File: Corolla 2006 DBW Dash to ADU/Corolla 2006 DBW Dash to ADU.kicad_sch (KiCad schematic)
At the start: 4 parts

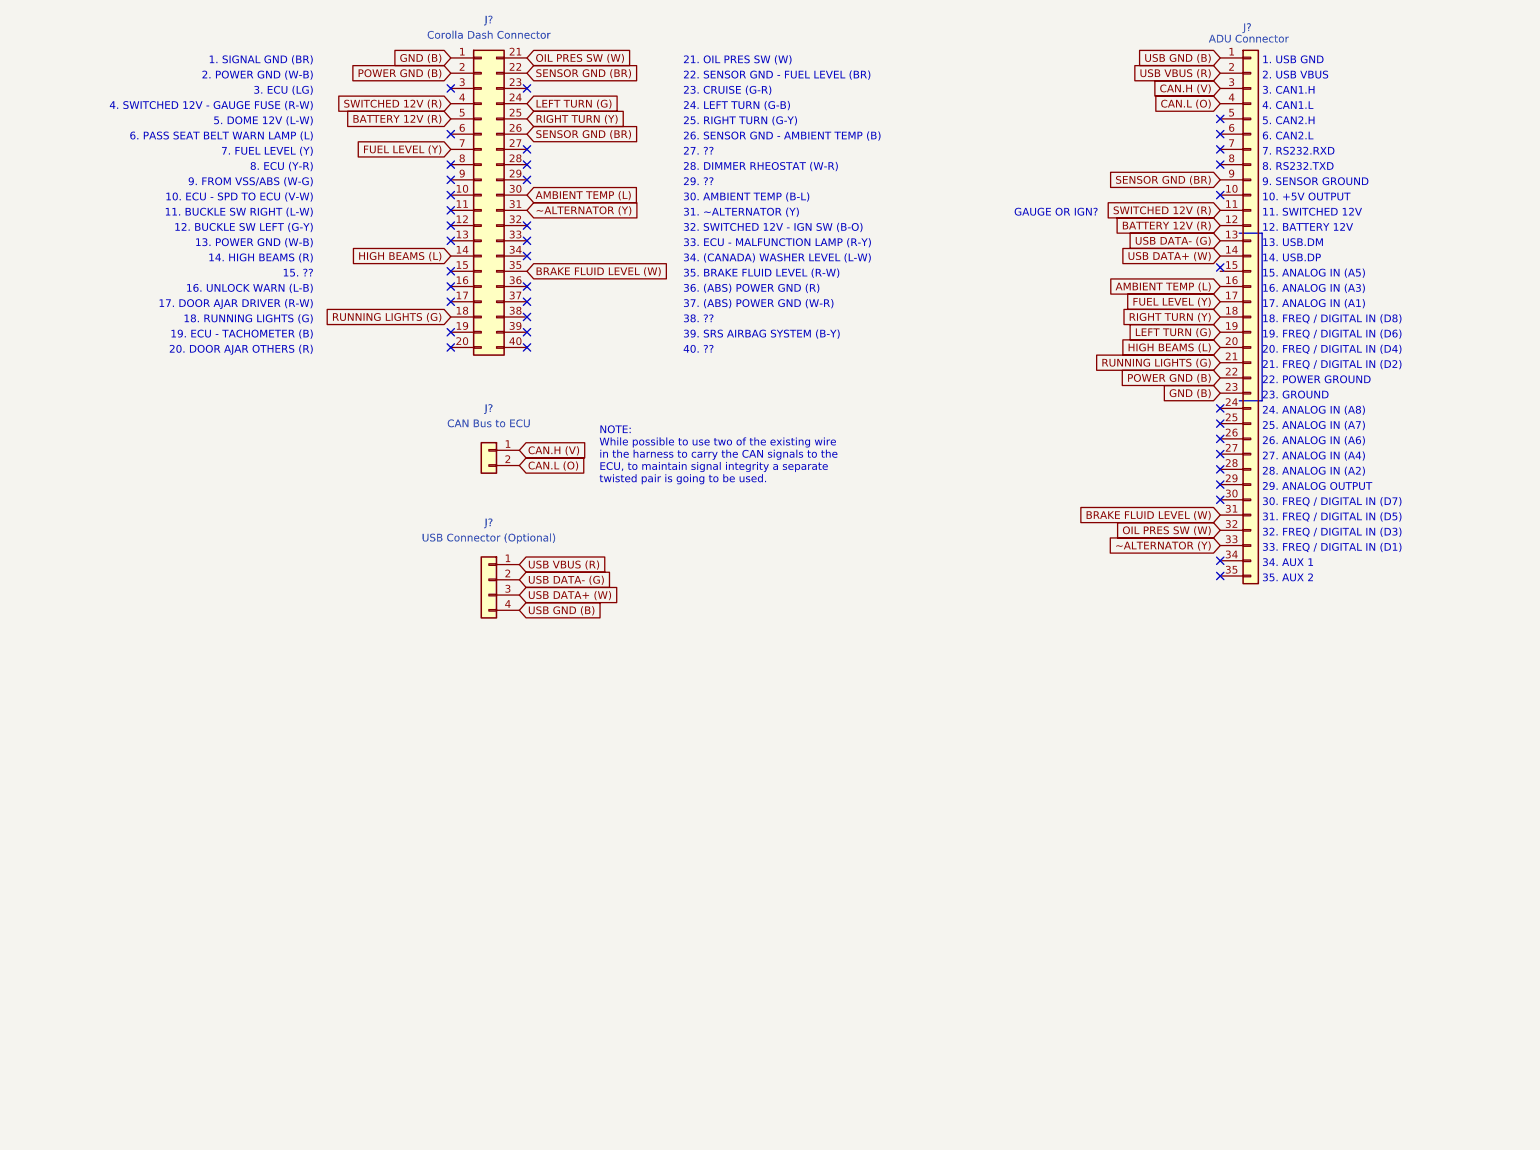
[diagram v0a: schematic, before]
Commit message: Added the rotary switch connector and fixed a few wires.
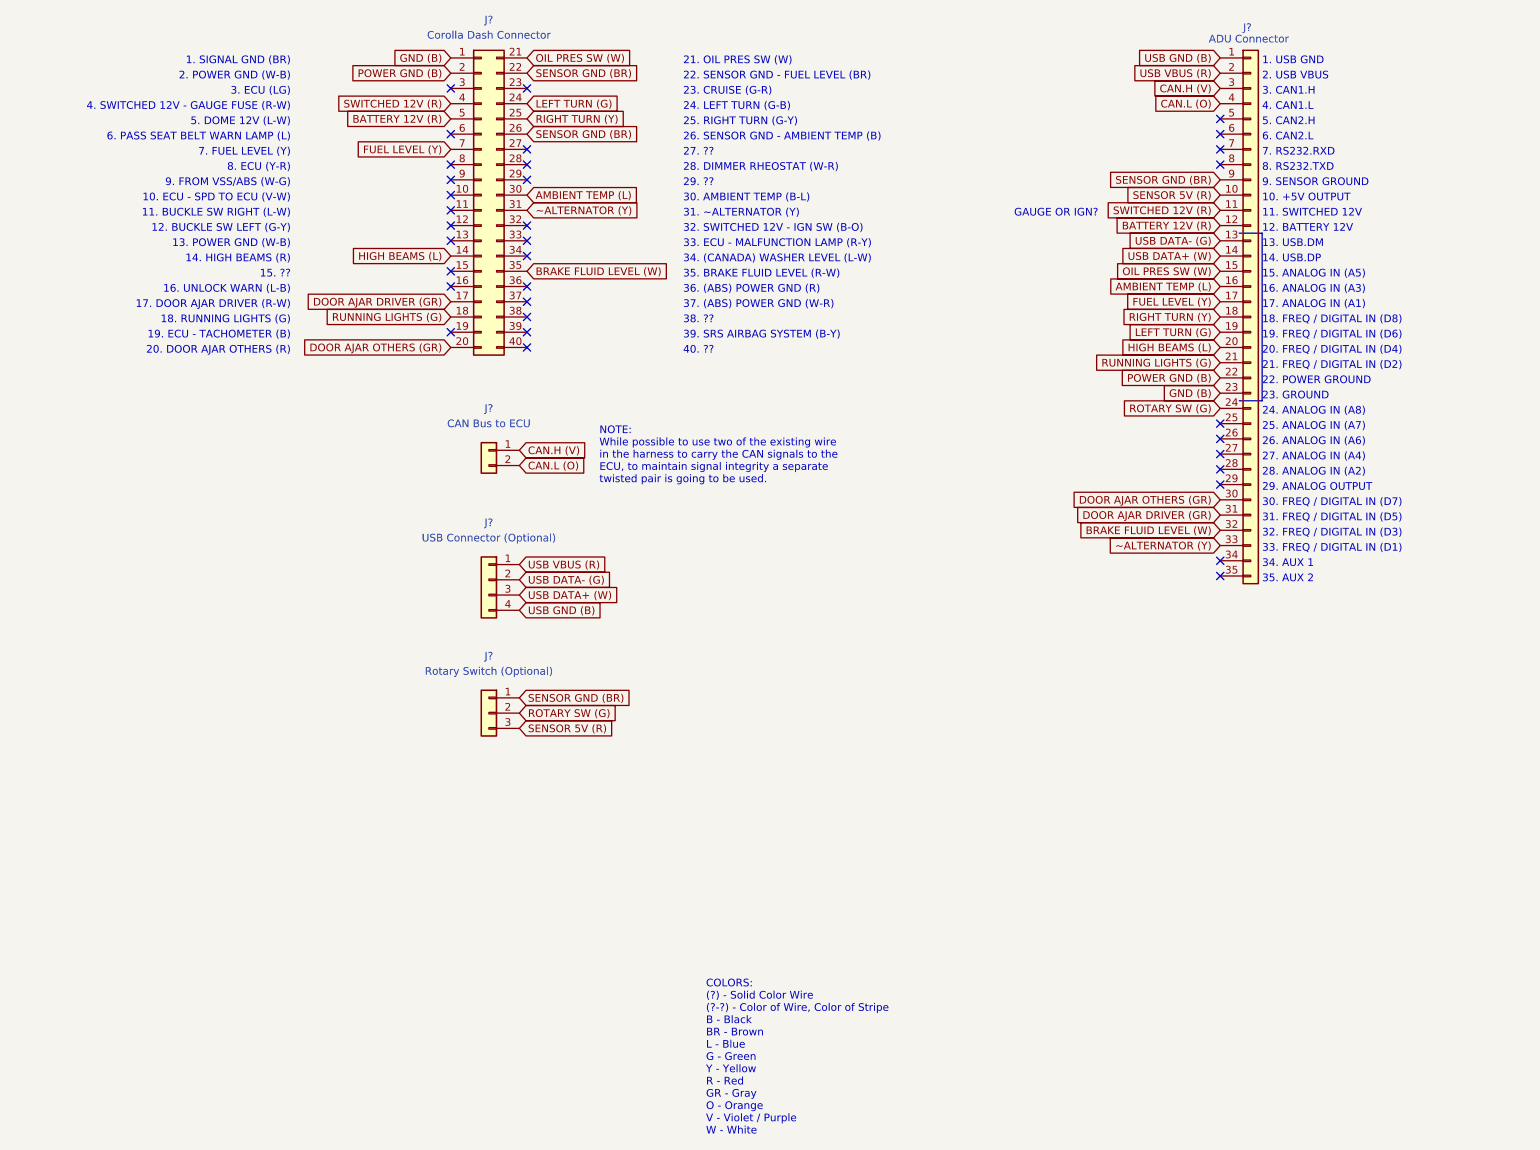
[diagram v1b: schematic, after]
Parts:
- added J?: Rotary Switch (Optional), symbol Connector_Generic:Conn_01x03
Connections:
- net BRAKE FLUID LEVEL (W): now also J?.32 (Pin_32); no longer J?.31 (Pin_31)
- net OIL PRES SW (W): now also J?.15 (Pin_15); no longer J?.32 (Pin_32)
- net SENSOR GND (BR): now also J?.1 (Pin_1)
- net SENSOR 5V (R): now reaches J?.10 (Pin_10)
- net SENSOR 5V (R): now also J?.3 (Pin_3)
- net ROTARY SW (G): now reaches J?.24 (Pin_24)
- net ROTARY SW (G): now also J?.2 (Pin_2)
- net DOOR AJAR OTHERS (GR): now reaches J?.30 (Pin_30)
- net DOOR AJAR OTHERS (GR): now also J?.20 (Pin_20)
- net DOOR AJAR DRIVER (GR): now reaches J?.17 (Pin_17)
- net DOOR AJAR DRIVER (GR): now also J?.31 (Pin_31)
- no-connect marks 40 -> 34
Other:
- note added: "COLORS: (?) - Solid Color Wire (?-?) - Color of Wire, Color of Stripe B - Black BR - Brown L - Blue G - Green Y - Yellow R - Red GR - Gray O - Orange V - Violet / Purple W - White"

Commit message: Adding updates and the 2006 DBW schematic.
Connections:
- net at J?.10 (Pin_10): now also J?.9 (Pin_9)
- no-connect marks 34 -> 32
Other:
- note added: "VSS to ECU Jumper"
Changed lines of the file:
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@@
     (comment 4 "Wired for ECU Masters EMU Black, not factory ECU")
   )
-  (no_connect (at 78.105 43.815))
   (no_connect (at 78.105 41.275))
   (no_connect (at 78.105 53.975))
   (no_connect (at 78.105 48.895))
-  (no_connect (at 78.105 46.355))
   (no_connect (at 78.105 51.435))
   (no_connect (at 78.105 61.595))
@@
   (no_connect (at 206.375 33.655))
   (no_connect (at 206.375 41.275))
+  (wire (pts (xy 76.2 46.355) (xy 78.105 46.355))
+    (stroke (width 0) (type default) (color 0 0 0 0))
+  )
   (polyline (pts (xy 209.55 52.705) (xy 213.36 52.705))
     (stroke (width 0) (type default) (color 0 0 0 0))
   )
+  (wire (pts (xy 76.2 43.815) (xy 76.2 46.355))
+    (stroke (width 0) (type default) (color 0 0 0 0))
+  )
   (polyline (pts (xy 209.55 80.645) (xy 213.36 80.645))
+    (stroke (width 0) (type default) (color 0 0 0 0))
+  )
+  (wire (pts (xy 78.105 43.815) (xy 76.2 43.815))
     (stroke (width 0) (type default) (color 0 0 0 0))
   )
@@
     (effects (font (size 1.27 1.27)) (justify right bottom))
   )
+  (text "VSS to ECU Jumper" (at 75.565 46.355 180)
+    (effects (font (size 1.27 1.27)) (justify right bottom))
+  )

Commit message: Now have a PCB to try.
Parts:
- removed J?: ADU Connector, symbol Connector_Generic:Conn_01x35
- added J5: Oil/Water Temp Sensor (Optional), Connector_Wire:SolderWire-0.75sqmm_1x02_P4.8mm_D1.25mm_OD2.3mm_Relief, symbol Connector_Generic:Conn_01x02
- added J6: CAN Bus Two (Optional), Connector_Wire:SolderWire-0.75sqmm_1x02_P4.8mm_D1.25mm_OD2.3mm_Relief, symbol Connector_Generic:Conn_01x02
- added J7: ADU_Connector, ecumaster:Wires for ADU Connector, symbol ecu_masters:ADU_Connector
- added JP1, JP2, JP4: SolderJumper_3_Open, Jumper:SolderJumper-3_P1.3mm_Open_RoundedPad1.0x1.5mm_NumberLabels, symbol Jumper:SolderJumper_3_Open
- added JP3: SolderJumper_2_Open, Jumper:SolderJumper-2_P1.3mm_Open_RoundedPad1.0x1.5mm, symbol Jumper:SolderJumper_2_Open
- J1: renamed from J?; footprint (none) -> toyota:2006 Corolla Dash Connector
- J2: renamed from J?; footprint (none) -> Connector_Wire:SolderWire-0.75sqmm_1x02_P4.8mm_D1.25mm_OD2.3mm_Relief
- J3: renamed from J?; footprint (none) -> Connector_Wire:SolderWire-0.25sqmm_1x04_P4.2mm_D0.65mm_OD1.7mm_Relief
- J4: renamed from J?; footprint (none) -> Connector_Wire:SolderWire-0.75sqmm_1x03_P4.8mm_D1.25mm_OD2.3mm_Relief
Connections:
- net AMBIENT TEMP (L): now also J7.16 (Analog_In_A3)
- net BATTERY 12V (R): now also J7.12 (Battery_12V)
- net BRAKE FLUID LEVEL (W): now also J7.27 (Analog_In_A4)
- net DOOR AJAR DRIVER (GR): now also J7.31 (Digital_In_D5)
- net DOOR AJAR OTHERS (GR): now also J7.30 (Digital_In_D7)
- net FUEL LEVEL (Y): now also J7.17 (Analog_In_A1)
- net GND (B): now also J7.23 (Ground)
- net HIGH BEAMS (L): now also J7.20 (Digital_In_D4)
- net LEFT TURN (G): now also J7.19 (Digital_In_D6)
- net OIL PRES SW (W): now also J7.15 (Analog_In_A5)
- net POWER GND (B): now also J7.22 (Power_Ground)
- net RIGHT TURN (Y): now also J7.18 (Digital_In_D8)
- net ROTARY SW (G): now also J7.24 (Analog_In_A8)
- net RUNNING LIGHTS (G): now also J7.21 (Digital_In_D2)
- net SENSOR 5V (R): now also J7.10 (+5V_Output)
- net SENSOR GND (BR): now also J5.1 (Pin_1), J7.9 (Sensor_Ground)
- net SWITCHED 12V (R): now also J7.11 (Switched_12V)
- net USB DATA+ (W): now also J7.14 (USB.DP)
- net USB DATA- (G): now also J7.13 (USB.DM)
- net USB GND (B): now also J7.1 (USB.GND)
- net USB VBUS (R): now also J7.2 (USB.VBUS)
- net ~ALTERNATOR (Y): now also J7.28 (Analog_In_A2)
- net SPEED SENDOR (W-G): now reaches J1.10 (Pin_10), J1.9 (Pin_9)
- net SPEED SENDOR (W-G): now also JP3.2 (B)
- net TACHOMETER (B): now reaches J1.19 (Pin_19)
- net TACHOMETER (B): now also JP1.2 (C)
- net MALFUNCTION LAMP (R-Y): now reaches J1.33 (Pin_33)
- net MALFUNCTION LAMP (R-Y): now also JP2.2 (C)
- net WATER TEMP (Y-R): now reaches J1.8 (Pin_8)
- net WATER TEMP (Y-R): now also JP4.1 (A)
- net CAN.H (V) renamed CAN1.H (V)
- net CAN1.H (V): now also J7.3 (CAN1.H), JP1.3 (B)
- net CAN.L (O) renamed CAN1.L (O)
- net CAN1.L (O): now also J7.4 (CAN1.L), JP2.3 (B)
- new net A6 - BAD LAMP: J7.26 (Analog_In_A6), JP2.1 (A)
- new net A7 - OIL/WATER TEMP: J7.25 (Analog_In_A7), JP4.2 (C)
- new net CAN2.H: J6.1 (Pin_1), J7.5 (CAN2.H)
- new net CAN2.L: J6.2 (Pin_2), J7.6 (CAN2.L)
- new net D1 - RPM: J7.33 (Digital_In_D1), JP1.1 (A)
- new net D3 - SPEED: J7.32 (Digital_In_D3), JP3.1 (A)
- new net OIL/WATER TEMP CONN: J5.2 (Pin_2), JP4.3 (B)
- no-connect marks 32 -> 23
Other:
- note added: "36. ABS OR POWER GND (R)"
- note added: "37. ABS OR POWER GND (W-R)"
- note added: "8. ECU - WATER TEMP (Y-R)"
- note added: "NOTE: Connect 1 & 2 for Factory ECU Leave Open for ECU Master Black"
- note added: "NOTE: Connect 1 & 2 for Factory ECU Leave Open for ECU Master Black Connect 2 & 3 to pass CAN through factory harness"
- note added: "NOTE: Connect 1 & 2 for Factory ECU Leave Open for ECU Master Black Connect 2 & 3 to use external temperature sensor"
- note added: "NOTE: This could also be used as a button input."
- note added: "NOTE: While possible to use two of the existing wire in the harness to carry the CAN signals to the ECU, to maintain signal integrity a separate twisted pair can be used."
- note removed: "36. (ABS) POWER GND (R)"
- note removed: "37. (ABS) POWER GND (W-R)"
- note removed: "8. ECU (Y-R)"
- note removed: "GAUGE OR IGN?"
- note removed: "NOTE: While possible to use two of the existing wire in the harness to carry the CAN signals to the ECU, to maintain signal integrity a separate twisted pair is going to be used."
- company: DadBodCarMod, LLC -> DadBodCarMod LLC
- title: Corolla 2006 DBW Dash to ADU Adapter -> Corolla 9th Gen ADU Dash Connector
- moved on the sheet: J2, J3, J4

+---+

• ACTION ITEM:
From the data, collect all lines where the string "justify" appears.

• OUTPUT BELOW:
     (effects (font (size 1.27 1.27)) (justify right bottom))
+    (effects (font (size 1.27 1.27)) (justify right bottom))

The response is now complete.